What to produce: The records follow. Count the lines holding "Processor" and give only the number.
╭─ Input data
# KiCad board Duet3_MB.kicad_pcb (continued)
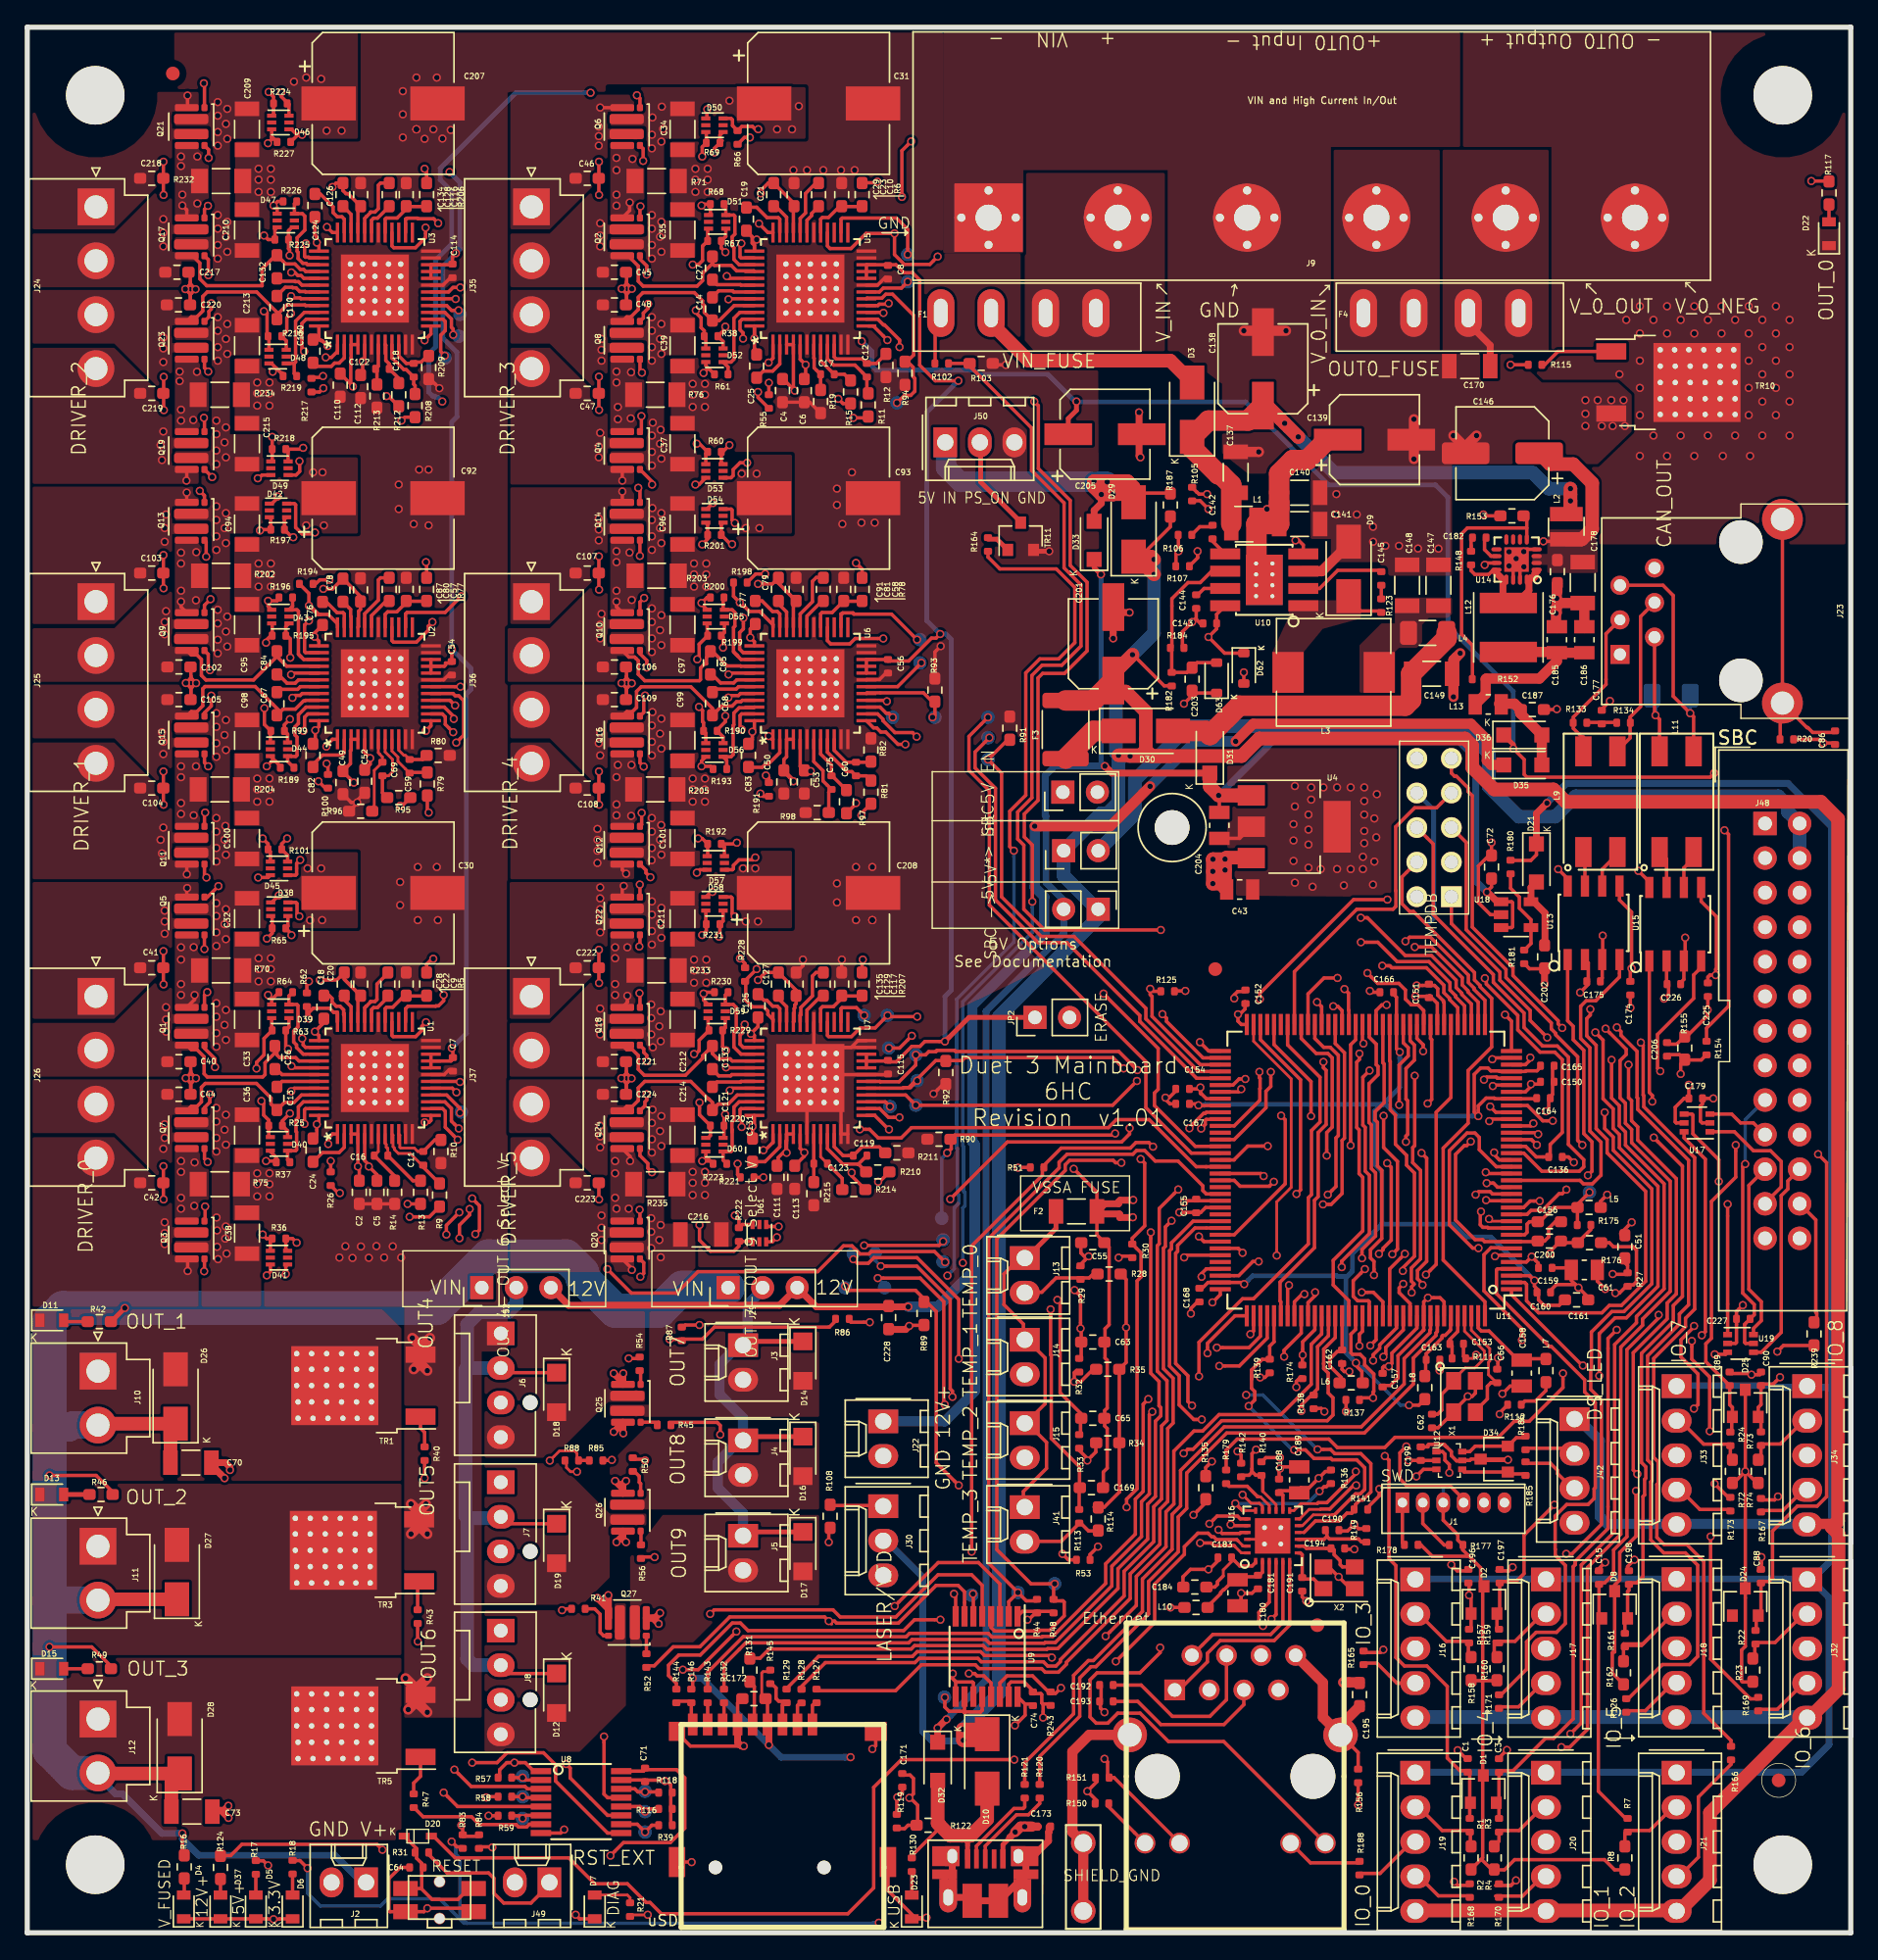
[diagram p0: board, top side]
## Footprints (pads in the part's own frame, mm; a bottom-side part is the same pattern mirrored in y, then rotated) (continued)
TestPoint_Pad_D1.0mm
  round 1 smd: 1(0,0)
TMC5160-TA
  rect 1.462x0.239 smd: 1(-4.115,2.75) 2(-4.115,2.25) 3(-4.115,1.75) 4(-4.115,1.25) 5(-4.115,0.75) 6(-4.115,0.25) 7(-4.115,-0.25) 8(-4.115,-0.75) 9(-4.115,-1.25) 10(-4.115,-1.75) 11(-4.115,-2.25) 12(-4.115,-2.75) 25(4.115,-2.75) 26(4.115,-2.25) 27(4.115,-1.75) 28(4.115,-1.25) 29(4.115,-0.75) 30(4.115,-0.25) 31(4.115,0.25) 32(4.115,0.75) 33(4.115,1.25) 34(4.115,1.75) 35(4.115,2.25) 36(4.115,2.75)
  rect 0.239x1.462 smd: 13(-2.75,-4.115) 14(-2.25,-4.115) 15(-1.75,-4.115) 16(-1.25,-4.115) 17(-0.75,-4.115) 18(-0.25,-4.115) 19(0.25,-4.115) 20(0.75,-4.115) 21(1.25,-4.115) 22(1.75,-4.115) 23(2.25,-4.115) 24(2.75,-4.115) 37(2.75,4.115) 38(2.25,4.115) 39(1.75,4.115) 40(1.25,4.115) 41(0.75,4.115) 42(0.25,4.115) 43(-0.25,4.115) 44(-0.75,4.115) 45(-1.25,4.115) 46(-1.75,4.115) 47(-2.25,4.115) 48(-2.75,4.115)
  round 0.6 hole 0.4: EPAD(-1.8,1.8) EPAD(-1.8,0.9) EPAD(-1.8,0) EPAD(-1.8,-1) EPAD(-1.8,-1.9) EPAD(-0.9,1.8) EPAD(-0.9,0.9) EPAD(-0.9,0) EPAD(-0.9,-1) EPAD(-0.9,-1.9) EPAD(0,1.8) EPAD(0,0.9) EPAD(0,0) EPAD(0,-1) EPAD(0,-1.9) EPAD(0.9,1.8) EPAD(0.9,0.9) EPAD(0.9,0) EPAD(0.9,-1) EPAD(0.9,-1.9) EPAD(1.8,1.8) EPAD(1.8,0.9) EPAD(1.8,0) EPAD(1.8,-1) EPAD(1.8,-1.9)
  rect 5.004x5.004 smd: EPAD(0,0)
TO-252-2_vias
  rect 3.05x2.75 smd: (0.425,1.525) (0.425,-1.525) (3.775,1.525) (3.775,-1.525)
  rect 2.2x1.2 smd: 1(-4.2,2.28) 3(-4.2,-2.28)
  round 0.6 hole 0.4: 2(-0.6,2.4) 2(-0.6,1.2) 2(-0.6,0) 2(-0.6,-1.2) 2(-0.6,-2.35) 2(0.45,2.4) 2(0.5,1.2) 2(0.5,0) 2(0.5,-1.2) 2(0.5,-2.35) 2(1.5,2.4) 2(1.6,1.2) 2(1.6,0) 2(1.6,-1.2) 2(1.6,-2.35) 2(2.6,2.4) 2(2.7,1.2) 2(2.7,0) 2(2.7,-1.2) 2(2.7,-2.35) 2(3.7,2.4) 2(3.8,1.2) 2(3.8,0) 2(3.8,-1.2) 2(3.8,-2.35) 2(4.8,2.4) 2(4.8,1.2) 2(4.9,0) 2(4.9,-1.2) 2(4.9,-2.35)
  rect 6.4x5.8 smd: 2(2.1,0)
TSSOP-16_4.4x5mm_P0.65mm
  rect 1.5x0.45 smd: 1(-2.95,2.275) 2(-2.95,1.625) 3(-2.95,0.975) 4(-2.95,0.325) 5(-2.95,-0.325) 6(-2.95,-0.975) 7(-2.95,-1.625) 8(-2.95,-2.275) 9(2.95,-2.275) 10(2.95,-1.625) 11(2.95,-0.975) 12(2.95,-0.325) 13(2.95,0.325) 14(2.95,0.975) 15(2.95,1.625) 16(2.95,2.275)
uSD_SKT
  round 1 hole 1 unplated: (-4.93,0) (3.051,0)
  rect 0.701x1.6 smd: 1(2.2,10.5) 2(1.1,10.5) 3(0,10.5) 4(-1.1,10.5) 5(-2.2,10.5) 6(-3.299,10.5) 7(-4.399,10.5) 8(-5.499,10.5) 9(-6.599,10.5)
  rect 1.199x1.4 smd: G(-7.75,10)
  rect 1.199x2.2 smd: G(-7.75,0.399) G(7.75,0.399)
  rect 1.6x1.4 smd: G(6.85,10)
uUSB_new
  rect 0.4x1.4 smd: 1(-1.3,2.825) 5(1.3,2.825)
  rect 0.34x1.4 smd: 2(-0.65,2.825) 3(0,2.825) 4(0.65,2.825)
  rect 1.825x0.7 smd: CE(-2.987,1.7) CE(2.987,1.7)
  rect 2x1.46 smd: CE(-2.9,3.03) CE(2.9,3.03)
  rect 1.3x0.8 smd: CE(-2.725,0.95) CE(2.725,0.95)
  oval 1.3x2.2 hole 0.711x1.2: CE(-2.725,0) CE(2.725,0)
  rect 1.05x1.46 hole 0.711x1.05: CE(-2.425,3.03) CE(2.425,3.03)
  rect 1.425x2.5 smd: CE(-0.963,-0.25) CE(0.963,-0.25)
Wurth_61900211121-1x02_P2.54mm_Vertical-(Molex_KK-254_AE-6410-02Acompatible)
  rect 1.74x2.2 hole 1.2: 1(-1.27,0)
  oval 1.74x2.2 hole 1.2: 2(1.27,0)
Wurth_61900311121-1x03_P2.54mm_Vertical(Molex_KK-254_AE-6410-03A_Compatible)
  rect 1.74x2.2 hole 1.2: 1(-2.54,0)
  oval 1.74x2.2 hole 1.2: 2(0,0) 3(2.54,0)
Wurth_61900411121-1x04_P2.54mm_Vertical(Molex_KK-254_AE-6410-04A_Compatible)
  rect 1.74x2.2 hole 1.2: 1(-3.81,0)
  oval 1.74x2.2 hole 1.2: 2(-1.27,0) 3(1.27,0) 4(3.81,0)
Wurth_61900511121-1x05_P2.54mm_Vertical(Molex_KK-254_AE-6410-05A_Compatibe)
  rect 1.74x2.2 hole 1.2: 1(-5.08,0)
  oval 1.74x2.2 hole 1.2: 2(-2.54,0) 3(0,0) 4(2.54,0) 5(5.08,0)

## Nets
3.3V_EXT: D21.1 J16.1 J17.1 J18.1 J19.1 J20.1 J21.1 J32.1 J33.1 J34.1 R180.1
5V_EXT: C201.1 D10.1 D29.1 F3.1 J16.5 J17.5 J18.5 J19.5 J20.5 J21.5 J30.2 J32.5 J33.5 J34.5 J42.1 JP4.1 JP5.1 R182.1 R187.1
5V_EXT_INPUT: D29.2 D33.2 J50.1 R187.2
5V_INT: C71.1 C72.1 C74.1 C175.1 C199.1 C203.1 C204.1 C226.1 D31.1 D32.1 D33.1 D34.3 D63.1 JP5.2 R17.1 U4.1 U8.16 U9.16 U12.5 U13.3 U15.3 U18.1 U18.3
5V_SBC: J48.2 J48.4 JP4.2
12V_EXT: C228.1 D35.1 J22.1 J29.3 J52.3 R124.1
12V_MON: C206.1 R154.2 R155.1 U11.27
12V_VG: C2.2 C4.2 C49.2 C50.2 C110.2 C111.2 C205.1 D36.1 R154.1 U1.3 U1.4 U2.3 U2.4 U3.3 U3.4 U5.3 U5.4 U6.3 U6.4 U7.3 U7.4
+3.3V: C7.2 C8.2 C43.1 C54.2 C56.2 C61.1 C114.2 C115.2 C150.1 C151.1 C152.1 C154.1 C155.1 C157.1 C159.1 C172.1 C174.1 C179.1 C188.1 C189.1 C225.1 D1.3 D2.3 D8.3 D24.3 D25.3 J1.3 J27.4 J28.8 JP2.1 L5.1 L10.1 R2.2 R4.2 R8.2 R18.1 R23.2 R30.2 R72.2 R74.2 R83.2 R87.2 R88.2 R112.1 R125.2 R136.1 R139.1 R140.2 R141.1 R145.2 R146.2 R150.1 R151.1 R158.2 R160.2 R162.2 R177.2 R178.2 U1.20 U1.21 U1.22 U2.20 U2.21 U2.22 U3.20 U3.21 U3.22 U4.3 U5.20 U5.21 U5.22 U6.20 U6.21 U6.22 U7.20 U7.21 U7.22 U11.5 U11.30 U11.43 U11.72 U11.80 U11.96 U11.134 U13.5 U15.5 U16.14 U17.5
/Power/3V3_EXT_ADJ: R180.2 R181.1 U18.4
/Power/3V3_EXT_OUT: C202.1 D21.2 U18.5
/Power/5V_common: C149.1 D30.2 D31.2 L4.1
/Power/5VIN_BUCK_BS: C145.2 U10.2
/Power/5VIN_BUCK_COMP: C142.1 U10.5
/Power/5VIN_BUCK_EN: C143.1 D62.1 JP1.2 U10.8
/Power/5VIN_BUCK_FB: C203.2 D63.2 R182.2 R184.1 U10.6
/Power/5VIN_BUCK_FSW: R107.1 U10.4
/Power/5VIN_BUCK_IN: C139.1 C140.1 C141.1 L1.1 R105.1 U10.9
/Power/5VIN_BUCK_SS: C144.2 U10.7
/Power/12V_BST: C182.2 U14.10
/Power/12V_FB: R152.2 R153.1 U14.5
/Power/12V_VCC: C146.1 C176.1 C178.1 L2.1 U14.2 U14.3 U14.11
/Power/12V_VSW: L12.2 R148.2 U14.1 U14.12 U14.13 U14.16
/Processor/VDDCORE: C160.1 C161.1 C164.1 C165.1 C166.1 C167.1 C168.1 L6.2 L8.2 U11.3 U11.29 U11.33 U11.50 U11.81 U11.107
/Processor/VDDPLL: C162.1 L6.1 U11.123
/Processor/VDDPLLUSB: C158.1 L7.1 U11.143
/Processor/VDDUTMIC: C163.1 L8.1 U11.139
/sheet5B64A4E5/VDD_1V2: C183.1 C184.1 U16.1
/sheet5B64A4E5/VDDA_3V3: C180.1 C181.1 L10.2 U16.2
╰─
Solution below: 4